[Extracted data entries]
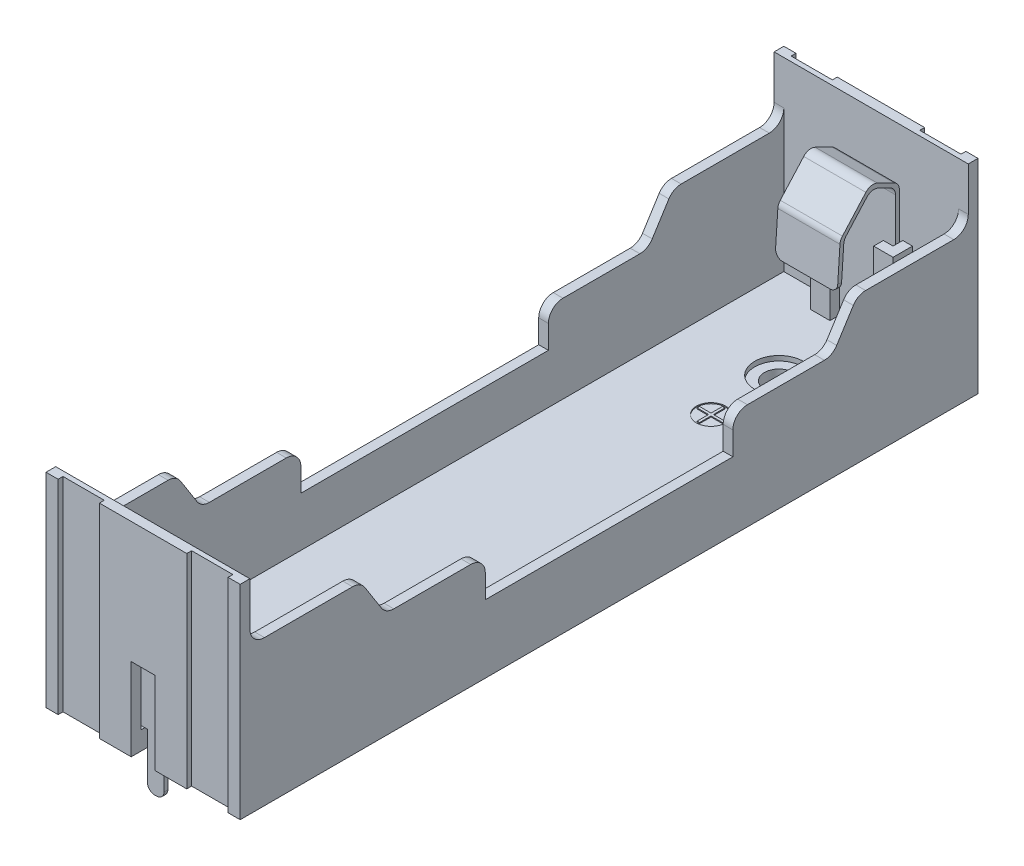
SolidWorks part; units mm, degrees
material "ABS"
ref_plane "Спереди" through (0, 0, 0) normal (0, 0, 1) x (1, 0, 0)
ref_plane "Сверху" through (0, 0, 0) normal (0, 1, 0) x (1, 0, 0)
ref_plane "Справа" through (0, 0, 0) normal (1, 0, 0) x (0, 0, -1)
other "Configuration Table"
sketch "Эскиз1" plane through (0, 0, 0) normal (0, 1, 0) x (1, 0, 0)
  line L1 (-10, 38) -> (10, 38)
  line L2 (-10, 38) -> (-10, -38)
  line L3 (-10, -38) -> (10, -38)
  line L4 (10, 38) -> (10, -38)
  line L5 (-10, 38) -> (10, -38) construction
  line L6 (-10, -38) -> (10, 38) construction
  point P0 (0, 0)
  dimension "D1" = 76
  dimension "D2" = 20
extrude "Основа" add sketch "Эскиз1" along normal blind 21
sketch "Эскиз2" plane through (0, 0, 0) normal (0, 1, 0) x (1, 0, 0)
  line L1 (10, 38) -> (-10, 38) construction
  line L2 (-4.5, 38) -> (-4.5, 37.5)
  line L3 (-4.5, 37.5) -> (-8.75, 37.5)
  line L4 (-8.75, 37.5) -> (-8.75, 38)
  line L5 (-8.75, 38) -> (-10.75, 38)
  line L6 (-10.75, 38) -> (-10.75, 37.5)
  line L13 (-10.75, 38) -> (-10, 38)
  line L14 (-10, 38) -> (-10, 46.5071)
  line L15 (-10, 46.5071) -> (10, 46.5071)
  line L16 (0, 46.5071) -> (0, 38)
  line L17 (4.5, 38) -> (-4.5, 38)
  line L18 (10, 38) -> (10, 46.5071)
  line L26 (10.75, 38) -> (10.75, 37.5)
  line L27 (8.75, 38) -> (10.75, 38)
  line L28 (4.5, 38) -> (4.5, 37.5)
  line L29 (4.5, 37.5) -> (8.75, 37.5)
  line L30 (8.75, 37.5) -> (8.75, 38)
  line L31 (10.75, 38) -> (10, 38)
  line L32 (-10.75, 37.5) -> (-8.75, 37.5)
  line L33 (10.75, 37.5) -> (8.75, 37.5)
  point P22 (0, 38)
  dimension "D1" = 9
  dimension "D2" = 2
  dimension "D3" = 4.25
  dimension "D4" = 0.5
extrude "Рёбра" cut sketch "Эскиз2" along normal through all contours L29 L30 L27 L26 L18 L15 L16 L17 L28 | L17 L16 L15 L14 L13 L6 L5 L4 L3 L2 region at (-5.0396, 0, -42.1438) region at (5.0396, 0, -42.1438)
mirror "Зеркальное отражение1" about plane through (0, 0, 0) normal (0, 0, 1) of "Рёбра"
sketch "Эскиз3" plane through (0, 21, 0) normal (0, 1, 0) x (1, 0, 0)
  line L0 (9, 0) -> (-9, 0) construction
  line L1 (9, 37) -> (-9, 37)
  line L2 (9, 37) -> (9, -37)
  line L3 (9, -37) -> (-9, -37)
  line L4 (-9, 37) -> (-9, -37)
  line L5 (9, 37) -> (-9, -37) construction
  line L6 (9, -37) -> (-9, 37) construction
  point P0 (0, 0)
  point P9 (0, 0)
  dimension "D1" = 18
  dimension "D2" = 74
extrude "Отсеки" cut sketch "Эскиз3" against normal blind 19.1
sketch "Эскиз4" plane through (0, 0, 0) normal (1, 0, 0) x (0, 0, -1)
  line L0 (37, 21) -> (-37, 21) construction
  line L1 (37, 27) -> (-37, 27)
  line L2 (37, 27) -> (37, 15)
  line L3 (37, 15) -> (-37, 15)
  line L4 (-37, 27) -> (-37, 15)
  line L5 (37, 27) -> (-37, 15) construction
  line L6 (37, 15) -> (-37, 27) construction
  line L7 (-37, 1.9) -> (-37, 21) construction
  point P0 (0, 21)
  dimension "D1" = 15
extrude "Уменьшение внутренних стенок" cut sketch "Эскиз4" against normal blind 15 and the other way blind 15
sketch "Эскиз5" plane through (10, 0, 0) normal (1, 0, 0) x (0, 0, -1)
  line L0 (-38, 21) -> (-35.6, 21)
  line L1 (-38, 21) -> (-37, 21) construction
  line L2 (-35.6, 21) -> (-35.6, 15)
  line L3 (-35.6, 15) -> (-25.6, 15)
  line L4 (-25.6, 15) -> (-23, 10.9)
  line L5 (-23, 10.9) -> (-12.75, 10.9)
  line L6 (-12.75, 10.9) -> (-12.75, 7)
  line L7 (-12.75, 7) -> (12.75, 7)
  line L8 (0, 7) -> (0, 0) construction
  line L9 (-35.6, 21) -> (35.6, 21)
  line L10 (12.75, 10.9) -> (12.75, 7)
  line L11 (23, 10.9) -> (12.75, 10.9)
  line L12 (25.6, 15) -> (23, 10.9)
  line L13 (35.6, 15) -> (25.6, 15)
  line L14 (35.6, 21) -> (35.6, 15)
  line L15 (-38, 21) -> (-37, 21) construction
  point P20 (0, 21)
  line M12 (38, 21) -> (37, 21)
  dimension "D1" = 12.75
  dimension "D2" = 10.25
  dimension "D3" = 2.4
  dimension "D4" = 10
  dimension "D5" = 6
  dimension "D6" = 3.9
  dimension "D7" = 7
extrude "Уменьшение внешних стенок" cut sketch "Эскиз5" against normal blind 15 contours L14 L2 L3 L4 L5 L6 L7 L10 L11 L12 L13 M12 region at (10, 15.384, 0)
fillet "Скругление2" radius 1.5 8 edges at (9.5, 10.9, -23) (9.5, 10.9, -12.75) (9.5, 10.9, 12.75) (9.5, 10.9, 23) (9.5, 15, -37) (9.5, 15, -25.6) (9.5, 15, 37) (9.5, 15, 25.6)
mirror "Зеркальное отражение2" about plane through (0, 0, 0) normal (1, 0, 0) of "Скругление2", "Уменьшение внешних стенок"
sketch "Эскиз6" plane through (0, 0, 0) normal (0, 1, 0) x (1, 0, 0)
  line L0 (-4.5, -38) -> (4.5, -38) construction
  line L1 (-1.225, -41.5) -> (1.225, -41.5)
  line L2 (-1.225, -41.5) -> (-1.225, -34.5)
  line L3 (-1.225, -34.5) -> (1.225, -34.5)
  line L4 (1.225, -41.5) -> (1.225, -34.5)
  line L5 (-1.225, -41.5) -> (1.225, -34.5) construction
  line L6 (-1.225, -34.5) -> (1.225, -41.5) construction
  line L7 (-10, 0) -> (10, 0) construction
  line L8 (10, -38) -> (10, 38) construction
  line L27 (-1.225, 34.5) -> (1.225, 41.5) construction
  line L28 (-1.225, 41.5) -> (1.225, 34.5) construction
  line L37 (1.225, 41.5) -> (1.225, 34.5)
  line L38 (-1.225, 34.5) -> (1.225, 34.5)
  line L39 (-1.225, 41.5) -> (-1.225, 34.5)
  line L40 (-1.225, 41.5) -> (1.225, 41.5)
  point P0 (0, -38)
  point P13 (0, 0)
  point P42 (0, 38)
  dimension "D1" = 2.45
  dimension "D2" = 3.5
extrude "Вырезы под контакты" cut sketch "Эскиз6" along normal blind 8.5
sketch "Эскиз11" plane through (0, 0, 0) normal (0, 1, 0) x (1, 0, 0)
  line L0 (0, 27.5) -> (0, -27.5) construction
  line L1 (1.5, -27.5) -> (-1.5, -27.5) construction
  line L3 (1.5, 27.5) -> (-1.5, 27.5) construction
  circle A1 centre (0, 27.5) radius 1.5
  circle A4 centre (0, -27.5) radius 1.5
  point P0 (0, 0)
  point P13 (0, 0)
  dimension "D2" = 3
  dimension "D1" = 55
extrude "Крепежные отверстия" cut sketch "Эскиз11" along normal through all
sketch "Эскиз12" plane through (0, 0, 0) normal (0, 1, 0) x (1, 0, 0)
  circle A1 centre (0, 27.5) radius 1.5 construction
  circle A4 centre (0, -27.5) radius 1.5 construction
  circle A7 centre (0, 27.5) radius 1.5
  circle A10 centre (0, -27.5) radius 1.5
  circle A13 centre (0, 27.5) radius 2.8
  circle A16 centre (0, -27.5) radius 2.8
  dimension "D1" = 1.3
extrude "Юбки отверстий" add sketch "Эскиз12" against normal blind 0.3
sketch "Эскиз13" plane through (0, 1.9, 0) normal (0, 1, 0) x (1, 0, 0)
  circle A1 centre (0, -27.5) radius 1.5 construction
  circle A3 centre (0, 27.5) radius 1.5 construction
  circle A6 centre (0, -27.5) radius 1.5
  circle A8 centre (0, 27.5) radius 1.5
  circle A13 centre (0, -27.5) radius 2.5
  circle A15 centre (0, 27.5) radius 2.5
  dimension "D1" = 1
extrude "Вырез-Вытянуть17" cut sketch "Эскиз13" against normal blind 0.5
sketch "Эскиз14" plane through (0, 1.9, 0) normal (0, 1, 0) x (1, 0, 0)
  line L0 (0, 20.5) -> (0, -20.5) construction
  line L3 (1.5, 20.5) -> (0, 20.5) construction
  line L4 (0, -20.5) -> (0, -19) construction
  line L5 (0, 19) -> (0, 20.5) construction
  line L8 (0.125, -19.2) -> (-0.125, -19.2)
  line L9 (0.125, -19.2) -> (0.125, -21.8)
  line L10 (0.125, -21.8) -> (-0.125, -21.8)
  line L11 (-0.125, -19.2) -> (-0.125, -21.8)
  line L12 (0.125, -19.2) -> (-0.125, -21.8) construction
  line L13 (0.125, -21.8) -> (-0.125, -19.2) construction
  line L14 (0.125, 21.8) -> (-0.125, 21.8)
  line L15 (0.125, 21.8) -> (0.125, 19.2)
  line L16 (0.125, 19.2) -> (-0.125, 19.2)
  line L17 (-0.125, 21.8) -> (-0.125, 19.2)
  line L18 (0.125, 21.8) -> (-0.125, 19.2) construction
  line L19 (0.125, 19.2) -> (-0.125, 21.8) construction
  line L20 (1.3, 20.625) -> (-1.3, 20.625)
  line L21 (1.3, 20.625) -> (1.3, 20.375)
  line L22 (1.3, 20.375) -> (-1.3, 20.375)
  line L23 (-1.3, 20.625) -> (-1.3, 20.375)
  line L24 (1.3, 20.625) -> (-1.3, 20.375) construction
  line L25 (1.3, 20.375) -> (-1.3, 20.625) construction
  circle A0 centre (0, 20.5) radius 1.5
  circle A1 centre (0, -20.5) radius 1.5
  point P0 (0, 0)
  point P2 (0, 0)
  dimension "D2" = 3
  dimension "D3" = 2.6
  dimension "D4" = 0.25
  dimension "D5" = 41
extrude "Полярность" cut sketch "Эскиз14" against normal blind 0.1 contours A1 L11 L8 L9 L10 | A0 L23 L20 L17 L14 L15 L21 L22 L16 region at (-1.4576, 1.9, -20.5) region at (-1.4576, 1.9, 20.5)
sketch "Эскиз15" plane through (0, 1.9, 0) normal (0, 1, 0) x (1, 0, 0)
  line L0 (-1.225, 37) -> (-9, 37) construction
  line L1 (-1.225, 37) -> (-1.225, 34.5) construction
  line L16 (-2.25, 35) -> (-4.25, 35)
  line L17 (-4.25, 35) -> (-4.25, 37)
  line L18 (-4.25, 37) -> (-3.25, 37)
  line L19 (-3.25, 37) -> (-3.25, 36)
  line L20 (-3.25, 36) -> (-2.25, 36)
  line L21 (-2.25, 36) -> (-2.25, 35)
  line L22 (2.25, 35) -> (2.25, 36)
  line L23 (2.25, 36) -> (3.25, 36)
  line L24 (3.25, 36) -> (3.25, 37)
  line L25 (3.25, 37) -> (4.25, 37)
  line L26 (4.25, 37) -> (4.25, 35)
  line L27 (4.25, 35) -> (2.25, 35)
  line L28 (0, 35.5) -> (0, 35) construction
  line L29 (-2.25, 35) -> (2.25, 35) construction
  line L44 (10, 0) -> (-10, 0) construction
  line L45 (-10, -12.75) -> (-10, 12.75) construction
  line L48 (-2.25, -35) -> (2.25, -35) construction
  line L49 (0, -35.5) -> (0, -35) construction
  line L64 (4.25, -35) -> (2.25, -35)
  line L65 (4.25, -37) -> (4.25, -35)
  line L66 (3.25, -37) -> (4.25, -37)
  line L67 (3.25, -36) -> (3.25, -37)
  line L68 (2.25, -36) -> (3.25, -36)
  line L69 (2.25, -35) -> (2.25, -36)
  line L70 (-2.25, -36) -> (-2.25, -35)
  line L71 (-3.25, -36) -> (-2.25, -36)
  line L72 (-3.25, -37) -> (-3.25, -36)
  line L73 (-4.25, -37) -> (-3.25, -37)
  line L74 (-4.25, -35) -> (-4.25, -37)
  line L75 (-2.25, -35) -> (-4.25, -35)
  point P4 (19.5, 35)
  point P24 (0, 35)
  point P55 (0, 0)
  point P99 (0, -35)
  dimension "D1" = 2
  dimension "D2" = 1.025
  dimension "D4" = 8.5
extrude "Пазы для контактов" add sketch "Эскиз15" along normal blind 8.9
ref_plane "Для эскиза контактов" through (0, 0, 0) normal (-1, 0, 0) x (0, 0, 1)
sketch "Эскиз16" plane through (0, 0, 0) normal (-1, 0, 0) x (0, 0, 1)
  line L1 (-38, 21) -> (-38, 0) construction
  line L3 (-36.5, 17.26) -> (-36.5, 15.9523) construction
  line L4 (-36.5, 15.9523) -> (-33.8, 17.26)
  line L5 (-33.8, 17.26) -> (-30.8, 13.9059)
  line L6 (-30.8, 13.9059) -> (-30.5, 9.4159)
  line L7 (-36.5, 17.26) -> (-33.8, 17.26) construction
  line L8 (-36.5, 15.9523) -> (-36.5, 2)
  line L10 (-36.5, 2) -> (-36.5, -3.54) construction
  line L12 (-38, 0) -> (38, 0) construction
  dimension "D1" = 20.8
  dimension "D2" = 3
  dimension "D3" = 4.5
  dimension "D4" = 6
  dimension "D5" = 5.7
  dimension "D6" = 2.7
  dimension "D7" = 2
  dimension "D8" = 1.5
  dimension "D9" = 13.9523
extrude "Контакт" add sketch "Эскиз16" along normal mid plane 6.4 thin thin type mid plane wall 0.4
sketch "Эскиз17" plane through (0, 2, 0) normal (0, -1, 0) x (1, 0, 0)
  line L0 (0, -36.7) -> (0, -36.3) construction
  line L1 (-3.2, -36.7) -> (3.2, -36.7) construction
  line L2 (-3.2, -36.3) -> (3.2, -36.3) construction
  line L4 (0.85, -36.3) -> (-0.85, -36.3)
  line L5 (0.85, -36.3) -> (0.85, -36.7)
  line L6 (0.85, -36.7) -> (-0.85, -36.7)
  line L7 (-0.85, -36.3) -> (-0.85, -36.7)
  line L8 (0.85, -36.3) -> (-0.85, -36.7) construction
  line L9 (0.85, -36.7) -> (-0.85, -36.3) construction
  point P6 (0, -36.5)
  dimension "D1" = 1.7
extrude "Штырёк для пайки" add sketch "Эскиз17" along normal blind 5.5
fillet "Скругление3" radius 1 6 edges at (0, 13.8239, -30.995) (0, 13.9879, -30.605) (0, 17.0143, -33.8485) (0, 17.5057, -33.7515) (0, 15.827, -36.3) (0, 16.0777, -36.7)
fillet "Скругление4" radius 0.75 6 edges at (3.2, 2, -36.5) (0.85, -3.5, -36.5) (-0.85, -3.5, -36.5) (-3.2, 2, -36.5) (3.2, 9.4159, -30.5) (-3.2, 9.4159, -30.5)
mirror "Mirror1" about plane through (0, 0, 0) normal (0, 0, 1) of bodies 125
equation "\"D1@Эскиз5\"=25.5/2"

- [TASK STATEMENT]: The required answer is the run of lines above, starting at the line with "normal blind 19.1" and ending at the line with "line L4 (1.225, -41.5) -> (1.225, -34.5)", reproduced exactly with both ends.

- [SOLUTION]:
extrude "Отсеки" cut sketch "Эскиз3" against normal blind 19.1
sketch "Эскиз4" plane through (0, 0, 0) normal (1, 0, 0) x (0, 0, -1)
  line L0 (37, 21) -> (-37, 21) construction
  line L1 (37, 27) -> (-37, 27)
  line L2 (37, 27) -> (37, 15)
  line L3 (37, 15) -> (-37, 15)
  line L4 (-37, 27) -> (-37, 15)
  line L5 (37, 27) -> (-37, 15) construction
  line L6 (37, 15) -> (-37, 27) construction
  line L7 (-37, 1.9) -> (-37, 21) construction
  point P0 (0, 21)
  dimension "D1" = 15
extrude "Уменьшение внутренних стенок" cut sketch "Эскиз4" against normal blind 15 and the other way blind 15
sketch "Эскиз5" plane through (10, 0, 0) normal (1, 0, 0) x (0, 0, -1)
  line L0 (-38, 21) -> (-35.6, 21)
  line L1 (-38, 21) -> (-37, 21) construction
  line L2 (-35.6, 21) -> (-35.6, 15)
  line L3 (-35.6, 15) -> (-25.6, 15)
  line L4 (-25.6, 15) -> (-23, 10.9)
  line L5 (-23, 10.9) -> (-12.75, 10.9)
  line L6 (-12.75, 10.9) -> (-12.75, 7)
  line L7 (-12.75, 7) -> (12.75, 7)
  line L8 (0, 7) -> (0, 0) construction
  line L9 (-35.6, 21) -> (35.6, 21)
  line L10 (12.75, 10.9) -> (12.75, 7)
  line L11 (23, 10.9) -> (12.75, 10.9)
  line L12 (25.6, 15) -> (23, 10.9)
  line L13 (35.6, 15) -> (25.6, 15)
  line L14 (35.6, 21) -> (35.6, 15)
  line L15 (-38, 21) -> (-37, 21) construction
  point P20 (0, 21)
  line M12 (38, 21) -> (37, 21)
  dimension "D1" = 12.75
  dimension "D2" = 10.25
  dimension "D3" = 2.4
  dimension "D4" = 10
  dimension "D5" = 6
  dimension "D6" = 3.9
  dimension "D7" = 7
extrude "Уменьшение внешних стенок" cut sketch "Эскиз5" against normal blind 15 contours L14 L2 L3 L4 L5 L6 L7 L10 L11 L12 L13 M12 region at (10, 15.384, 0)
fillet "Скругление2" radius 1.5 8 edges at (9.5, 10.9, -23) (9.5, 10.9, -12.75) (9.5, 10.9, 12.75) (9.5, 10.9, 23) (9.5, 15, -37) (9.5, 15, -25.6) (9.5, 15, 37) (9.5, 15, 25.6)
mirror "Зеркальное отражение2" about plane through (0, 0, 0) normal (1, 0, 0) of "Скругление2", "Уменьшение внешних стенок"
sketch "Эскиз6" plane through (0, 0, 0) normal (0, 1, 0) x (1, 0, 0)
  line L0 (-4.5, -38) -> (4.5, -38) construction
  line L1 (-1.225, -41.5) -> (1.225, -41.5)
  line L2 (-1.225, -41.5) -> (-1.225, -34.5)
  line L3 (-1.225, -34.5) -> (1.225, -34.5)
  line L4 (1.225, -41.5) -> (1.225, -34.5)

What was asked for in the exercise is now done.